Key design considerations for a rack-and-pinion circular core-pulling mechanism lie in determining the transmission ratio and avoiding motion interference. This transmission ratio must be calculated based on the core-pulling angle of the arc core and the effective rack travel. For example, when the core-pulling angle is 60°, the pitch diameter of the gear and the rack travel must maintain a specific ratio to ensure the core accurately reaches the core-pulling endpoint. Simultaneously, the mechanism’s motion trajectory must be simulated and analyzed using 3D modeling software to check for interference between the rack and gear and other mold components during movement. This is particularly important at the start and end points of the core-pulling operation, where a minimum clearance of 5mm must be maintained. Furthermore, the radius of curvature of the arc core must perfectly match the arc characteristics of the plastic part, and the molded surface roughness must be controlled below Ra0.8μm to ensure surface quality. For applications with longer core-pulling distances, a dual-pinion transmission structure can be employed, with the addition of an intermediate gear to extend the effective rack drive travel and improve transmission stability.

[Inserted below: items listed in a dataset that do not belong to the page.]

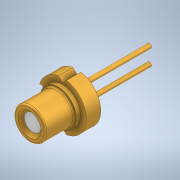
# Autodesk Inventor part: CAN_φ3.3
Saved by Autodesk Inventor 2020 (Build 240168000, 168)
## iProperties
Created: 2020-03-16
Part Number: CAN_φ3.3
Material: 黄铜，软黄
Document SubType Name: Modeling
Designer: John
Mass: 0.447561 g
Surface Area: 1.18166 cm^2
Volume: 0.0528407 cm^3
Density: 8.47 g/cm^3
Appearance: 黄铜 - 缎光
Author: John
Autodesk Inventor part; units mm, degrees
ref_plane "YZ Plane" through (0, 0, 0) normal (1, 0, 0) x (0, 1, 0)
ref_plane "XZ Plane" through (0, 0, 0) normal (0, 1, 0) x (-1, 0, 0)
ref_plane "XY Plane" through (0, 0, 0) normal (0, 0, 1) x (1, 0, 0)
sketch "草图1" plane through (0, 0, 0) normal (0, 0, 1) x (1, 0, 0)
  circle A0 centre (0, 0) radius 1.65
  circle A1 centre (0, 0) radius 0.55 construction
  line L0 (0, 1.65) -> (0, 1.35)
  line L1 (0, 1.35) -> (0.2766, 1.6266)
  line L2 (0, 1.35) -> (-0.2766, 1.6266)
  line L3 (0, 1.35) -> (0.3912, 1.35) construction
  line L4 (0, 0) -> (0, 1.65) construction
  line L5 (0, 0) -> (-1.65, 0) construction
  line L6 (0, 0) -> (0, -1.65) construction
  circle A2 centre (0, 0.55) radius 0.15
  circle A3 centre (0, -0.55) radius 0.15
  circle A4 centre (-0.55, 0) radius 0.15
  circle A5 centre (-0.55, 0) radius 0.4
  line L7 (0, -1.65) -> (0, -1.35)
  line L8 (0, -1.35) -> (0.2766, -1.6266)
  line L9 (0, -1.35) -> (-0.2766, -1.6266)
  line L10 (0, -1.35) -> (0.3912, -1.35) construction
  line L11 (-1.35, 0) -> (-1.35, 0.5)
  line L12 (-1.35, 0.5) -> (-1.5724, 0.5)
  line L13 (-1.35, 0) -> (-1.35, -0.5)
  line L14 (-1.35, -0.5) -> (-1.5724, -0.5)
  point P0 (-0.2766, -1.6266)
  point P1 (0.2766, -1.6266)
  dimension "d0" = 3.3
  dimension "d1" = 1.1
  dimension "d5" = 0.3
  dimension "d6" = 45
  dimension "d7" = 135
  dimension "d8" = 0.3
  dimension "d9" = 0.3
  dimension "d10" = 0.3
  dimension "d11" = 0.8
  dimension "d12" = 0.5
  dimension "d13" = 0.5
  dimension "d14" = 0.3
  constraints: 30 end point, 6 symmetric about line, 5 centre point, 5 point on line, 3 coincident, 3 perpendicular, 3 point on circle, 3 vertical, 2 horizontal, 1 collinear, 1 equal length, 10 other
  measures "d1" diameter of A1
  measures "d5" distance of L0.start L0.end
  measures "d6" angle of L1 L0
  measures "d7" angle of L3 L2
  measures "d8" diameter of A2
  measures "d9" diameter of A3
  measures "d10" diameter of A4
  measures "d11" diameter of A5
  measures "d12" distance of L11.start L11.end
  measures "d13" distance of L11.start L13.end
  measures "d14" distance of L11.start L5.end
extrude "拉伸1" add sketch "草图1" along normal blind 1 contours A0 L8 L9 L14 L13 L11 L12 L2 L1 | A2 | A3 | A4 | A5
extrude "拉伸2" add sketch "草图1" against normal blind 5 contours A2 | A3 | A4
extrude "拉伸3" add sketch "草图1" against normal blind 0.3 contours A5
sketch "草图2" plane through (0, 0, 1) normal (0, 0, 1) x (1, 0, 0)
  circle A0 centre (0, 0) radius 1.1
  circle A1 centre (0, 0) radius 1.25
  dimension "d21" = 2.2
  dimension "d22" = 2.5
  constraints: 2 centre point, 2 coincident
  measures "d21" diameter of A0
  measures "d22" diameter of A1
extrude "拉伸4" add sketch "草图2" along normal blind 2.27 contours A0
extrude "拉伸5" add sketch "草图2" along normal blind 0.3
sketch "草图3" plane through (0, 0, 0) normal (1, 0, 0) x (0, 1, 0)
  line L0 (1.1, 3.27) -> (-1.1, 3.27) projected
  line L1 (0, 3.27) -> (-0.8, 3.27)
  line L2 (-0.8, 3.27) -> (-0.5879, 3.0579)
  line L3 (-0.5879, 3.0579) -> (0, 3.0579)
  line L4 (0, 3.0579) -> (0, 3.27)
  point P0 (0, 0)
  dimension "d27" = 0.8
  dimension "d28" = 0.3
  dimension "d29" = 45
  constraints: 8 end point, 1 midpoint, 1 parallel, 1 perpendicular, 1 point on line
  measures "d27" distance of L1.start L1.end
  measures "d28" distance of L1.end L2.end
  measures "d29" angle of L2 L1
revolve "旋转1" cut sketch "草图3" angle 360 about axis through (0, 0, 3.0579) along (0, 0, 1)
fillet "圆角1" radius 0.1 2 edges at (-1.1, 0, 3.27) (-1.1, 0, 1.3)
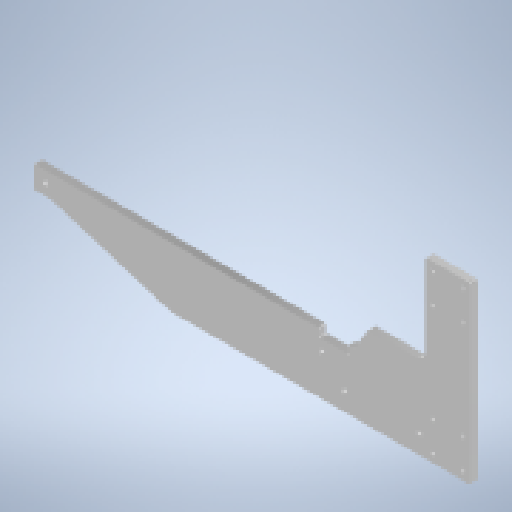
# Autodesk Inventor part: Z-Axis Support Plates
Saved by Autodesk Inventor 2024 (Build 280153000, 153)
## iProperties
Created: 2024-12-30
Part Number: Z-Axis Support Plates
Material: Aluminum 6061
Document SubType Name: Modeling
Designer: Ishaan
Density: 2.7 g/cm^3
Appearance: Aluminum - Flat
Author: Ishaan
Autodesk Inventor part; units mm, degrees
ref_plane "YZ Plane" through (0, 0, 0) normal (1, 0, 0) x (0, 1, 0)
ref_plane "XZ Plane" through (0, 0, 0) normal (0, 1, 0) x (-1, 0, 0)
ref_plane "XY Plane" through (0, 0, 0) normal (0, 0, 1) x (1, 0, 0)
sketch "Sketch1" plane through (0, 0, 0) normal (0, 0, 1) x (1, 0, 0)
  line L0 (191.375, -26.35) -> (-191.375, -26.35)
  line L1 (-191.375, -26.35) -> (-191.375, 26.35)
  line L2 (-191.375, 26.35) -> (191.375, 26.35)
  line L3 (191.375, 26.35) -> (191.375, -26.35)
  line L4 (191.375, -26.35) -> (-191.375, 26.35) construction
  line L5 (-191.375, -26.35) -> (191.375, 26.35) construction
  line L6 (-191.375, 26.35) -> (-171.375, 26.35)
  line L7 (-171.375, 26.35) -> (-171.375, 6.35)
  line L8 (-171.375, 6.35) -> (-191.375, 6.35)
  line L9 (-191.375, 6.35) -> (-191.375, 26.35)
  line L10 (-176.375, 6.35) -> (-71.375, -26.35)
  line L11 (-181.375, 6.35) -> (-181.375, 46.2875) construction
  line L12 (71.125, 20) -> (91.125, 20)
  line L13 (91.125, 20) -> (91.125, -20)
  line L14 (91.125, -20) -> (71.125, -20)
  line L15 (71.125, -20) -> (71.125, 20)
  line L16 (-190.125, 46.2875) -> (79.875, 46.2875) construction
  line L17 (79.875, 46.2875) -> (79.875, 38.35) construction
  line L18 (79.875, 38.35) -> (-190.125, 38.35) construction
  line L19 (-190.125, 38.35) -> (-190.125, 46.2875) construction
  line L20 (71.125, 46.2875) -> (-181.375, 46.2875) construction
  line L21 (191.375, -26.35) -> (151.375, -26.35)
  line L22 (151.375, -26.35) -> (151.375, 13.65)
  line L23 (151.375, 13.65) -> (191.375, 13.65)
  line L24 (191.375, 13.65) -> (191.375, -26.35)
  line L25 (191.375, -26.35) -> (151.375, 13.65) construction
  line L26 (151.375, -26.35) -> (191.375, 13.65) construction
  line L27 (184.375, -19.35) -> (158.375, -19.35) construction
  line L28 (158.375, -19.35) -> (158.375, 6.65) construction
  line L29 (158.375, 6.65) -> (184.375, 6.65) construction
  line L30 (184.375, 6.65) -> (184.375, -19.35) construction
  line L31 (184.375, -19.35) -> (158.375, 6.65) construction
  line L32 (158.375, -19.35) -> (184.375, 6.65) construction
  line L33 (191.375, 86.65) -> (151.375, 86.65)
  line L34 (151.375, 86.65) -> (151.375, 126.65)
  line L35 (151.375, 126.65) -> (191.375, 126.65)
  line L36 (191.375, 126.65) -> (191.375, 86.65)
  line L37 (191.375, 86.65) -> (151.375, 126.65) construction
  line L38 (151.375, 86.65) -> (191.375, 126.65) construction
  line L39 (184.375, 93.65) -> (158.375, 93.65) construction
  line L40 (158.375, 93.65) -> (158.375, 119.65) construction
  line L41 (158.375, 119.65) -> (184.375, 119.65) construction
  line L42 (184.375, 119.65) -> (184.375, 93.65) construction
  line L43 (184.375, 93.65) -> (158.375, 119.65) construction
  line L44 (158.375, 93.65) -> (184.375, 119.65) construction
  line L45 (191.375, 86.65) -> (191.375, 26.35)
  line L46 (151.375, 86.65) -> (151.375, 13.65)
  line L47 (171.375, -6.35) -> (211.375, -6.35) construction
  line L48 (-181.375, 26.3188) -> (-181.375, 6.35) construction
  line L49 (156.125, -20) -> (136.125, -20)
  line L50 (136.125, -20) -> (136.125, 0)
  line L51 (136.125, 0) -> (156.125, 0)
  line L52 (156.125, 0) -> (156.125, -20)
  line L53 (156.125, -20) -> (136.125, 0) construction
  line L54 (136.125, -20) -> (156.125, 0) construction
  line L55 (91.125, 20) -> (51.125, 20)
  line L56 (51.125, 20) -> (51.125, 0)
  line L57 (51.125, 0) -> (91.125, 0)
  line L58 (91.125, 0) -> (91.125, 20)
  line L59 (151.375, 46.35) -> (101.375, 46.35)
  line L60 (101.375, 46.35) -> (89.828, 26.35)
  point P0 (0, 0)
  point P1 (71.125, 0)
  point P2 (-55.125, 46.2875)
  point P3 (171.375, 106.65)
  point P4 (116.734, 26.35)
  point P5 (61.125, 10)
  point P6 (81.125, -10)
  point P7 (91.125, 0)
  point P8 (88.5805, 0)
  point P9 (81.125, 20)
  point P10 (146.125, -10)
  point P11 (146.125, -10)
  point P12 (51.125, 10)
  point P13 (81.125, -20)
  point P14 (-181.375, 16.35)
  point P15 (-191.375, 16.35)
  point P16 (-171.375, 26.35)
  point P17 (151.375, 26.35)
  dimension "d0" = 52.7
  dimension "d1" = 20
  dimension "d2" = 20
  dimension "d4" = 120
  dimension "d5" = 20
  dimension "d6" = 40
  dimension "d8" = 270
  dimension "d9" = 7.9375
  dimension "d10" = 12
  dimension "d11" = 40
  dimension "d12" = 40
  dimension "d13" = 26
  dimension "d14" = 26
  dimension "d15" = 40
  dimension "d16" = 40
  dimension "d17" = 26
  dimension "d18" = 26
  dimension "d19" = 153
  dimension "d20" = 40
  dimension "d21" = 226.5
  dimension "d22" = 15
  dimension "d35" = 20
  dimension "d47" = 20
  dimension "d48" = 20
  dimension "d49" = 45
  dimension "d57" = 252.5
  dimension "d58" = 10
  dimension "d59" = 10
  dimension "d69" = 120
  dimension "d70" = 50
  constraints: 122 end point, 22 midpoint, 20 parallel, 13 horizontal, 12 perpendicular, 9 coincident, 7 point on line, 4 horizontal alignment, 3 collinear, 1 vertical, 1 vertical alignment
  measures "d0" distance between parallel lines of L2 L0
  measures "d1" distance of L7.end L8.end
  measures "d2" distance of L6.end L7.end
  measures "d4" distance from line of L10.end L1
  measures "d5" distance of L13.end L14.end
  measures "d6" distance of L12.end L13.end
  measures "d8" distance of L17.end L18.end
  measures "d9" distance of L16.end L17.end
  measures "d10" distance between parallel lines of L18 L2
  measures "d11" distance of L22.end L23.end
  measures "d12" distance of L21.end L22.end
  measures "d13" distance of L28.end L29.end
  measures "d14" distance of L27.end L28.end
  measures "d15" distance of L34.end L35.end
  measures "d16" distance of L33.end L34.end
  measures "d17" distance of L40.end L41.end
  measures "d18" distance of L39.end L40.end
  measures "d19" distance between parallel lines of L0 L35
  measures "d20" distance of L47.start L47.end
  measures "d21" horizontal distance of point (-55.125, 46.288) L47.start
  measures "d22" distance from line of L10.start L1
  measures "d35" distance from line of L2 L59.start
  measures "d47" distance of L50.end L51.end
  measures "d48" distance of L49.end L50.end
  measures "d49" distance between parallel lines of L13 L50
  measures "d57" distance of L20.start L11.end
  measures "d58" distance from line of L14 point (81.125, -10)
  measures "d59" distance from line of L56 point (61.125, 10)
  measures "d69" angle of L59 L60
  measures "d70" distance of L59.start L59.end
extrude "Extrusion1" add sketch "Sketch1" along normal blind 6.35 contours L0 L22 L49 L52 L51 L23 L3 | L0 L10 L8 L7 L2 L46 L22 L51 L50 L49 | L23 L46 L2 L3 | L49 L50 L51 L22 | L22 L51 L52 L49 | L2 L46 L33 L45 | L8 L1 L2 L7 | L2 L60 L59 L46 | L33 L34 L35 L36 | L12 L13 L57 L15 | L15 L57 L56 L55 | L57 L13 L14 L15
fillet "Fillet2" radius 1 2 edges at (-191.375, 26.35, 3.175) (-191.375, 6.35, 3.175)
fillet "Fillet5" radius 8 1 edges at (151.375, 46.35, 3.175)
fillet "Fillet3" radius 2 7 edges at (151.375, 126.65, 3.175) (191.375, 126.65, 3.175) (191.375, -26.35, 3.175) (89.828, 26.35, 3.175) (101.375, 46.35, 3.175) (-71.375, -26.35, 3.175) (-176.375, 6.35, 3.175)
hole "Hole1" at (61.125, 10, 0) at (81.125, -10, 0) at (146.125, -10, 0) at (-181.375, 16.35, 0) direction (0, 0, 1) diameter 5.3 end through all
hole "Hole2" at (184.375, 6.65, 0) at (158.375, 6.65, 0) at (158.375, -19.35, 0) at (184.375, -19.35, 0) at (184.375, 119.65, 0) at (158.375, 119.65, 0) at (158.375, 93.65, 0) at (184.375, 93.65, 0) direction (0, 0, 1) diameter 4.3 end through all
sketch "Sketch2" plane through (0, 0, 6.35) normal (0, 0, 1) x (1, 0, 0)
  line L0 (83.875, 19.5) -> (58.375, 19.5)
  line L1 (58.375, 19.5) -> (58.375, 26.35)
  line L2 (58.375, 26.35) -> (83.875, 26.35)
  line L3 (83.875, 26.35) -> (83.875, 19.5)
  line L4 (83.875, 19.5) -> (58.375, 26.35) construction
  line L5 (58.375, 19.5) -> (83.875, 26.35) construction
  circle A0 centre (61.125, 10) radius 2.65 projected
  circle A1 centre (81.125, -10) radius 2.65 projected
  line L6 (61.125, 10) -> (81.125, -10) construction
  line L7 (88.6733, 26.35) -> (-190.375, 26.35) construction
  circle A2 centre (58.775, 19.9) radius 0.9
  circle A3 centre (83.475, 19.9) radius 0.9
  line L8 (83.475, 25.95) -> (58.775, 25.95) construction
  line L9 (58.775, 25.95) -> (58.775, 19.9) construction
  line L10 (58.775, 19.9) -> (83.475, 19.9) construction
  line L11 (83.475, 19.9) -> (83.475, 25.95) construction
  line L12 (83.475, 25.95) -> (58.775, 19.9) construction
  line L13 (58.775, 25.95) -> (83.475, 19.9) construction
  point P0 (0, 0)
  point P1 (71.125, 22.925)
  point P2 (71.125, 0)
  point P3 (119.4481, 26.35)
  point P4 (58.375, 20.7062)
  point P5 (59.5812, 19.5)
  point P6 (82.6688, 19.5)
  point P7 (83.875, 20.7062)
  point P8 (194.625, 26.35)
  point P9 (154.625, 26.35)
  point P10 (93.078, 26.35)
  dimension "d60" = 25.5
  dimension "d61" = 6.85
  dimension "d62" = 1.8
  dimension "d63" = 0.4
  dimension "d64" = 0.4
  constraints: 26 end point, 5 midpoint, 4 parallel, 2 centre point, 2 horizontal, 2 perpendicular, 1 coincident, 1 collinear, 1 equal radius, 1 horizontal alignment, 1 vertical alignment
  measures "d60" distance of L1.end L2.end
  measures "d61" distance of L0.end L1.end
  measures "d62" diameter of A2
  measures "d63" distance between parallel lines of L3 L11
  measures "d64" distance between parallel lines of L0 L10
extrude "Extrusion2" cut sketch "Sketch2" against normal through all contours L3 A3 L0 | L0 A3 L3 | L0 A2 L1 L2 L3 A3 | A2 L1 L0 | L0 L1 A2
fillet "Fillet4" radius 1 6 edges at (83.875, 20.7062, 3.175) (82.6688, 19.5, 3.175) (59.5812, 19.5, 3.175) (58.375, 20.7062, 3.175) (58.375, 26.35, 3.175) (83.875, 26.35, 3.175)
body "Solid1"

In practice, the rack-and-pinion arc core-pulling mechanism requires targeted optimization based on the specific structure of the plastic part. For parts with multiple arc features, multiple rack-and-pinion mechanisms can be designed, enabling coordinated core pulling of multiple cores via timing belts or interlocking shafts, ensuring consistent core pulling speeds and angles across all cores. Large arc cores require support bearings at both ends of the gear shaft to minimize shaft diameter deformation caused by cantilever forces. For molds operating in high-temperature environments (such as those molding PA66+GF materials), gears and racks must be constructed from high-temperature-resistant alloys to prevent changes in meshing clearance due to temperature fluctuations. Regular maintenance is also crucial to maintaining mechanism performance. Monthly check of rack-and-pinion meshing clearance (maintained within 0.03-0.05mm), quarterly grease replacement, and annual replacement of severely worn components are essential to ensure transmission accuracy and longevity.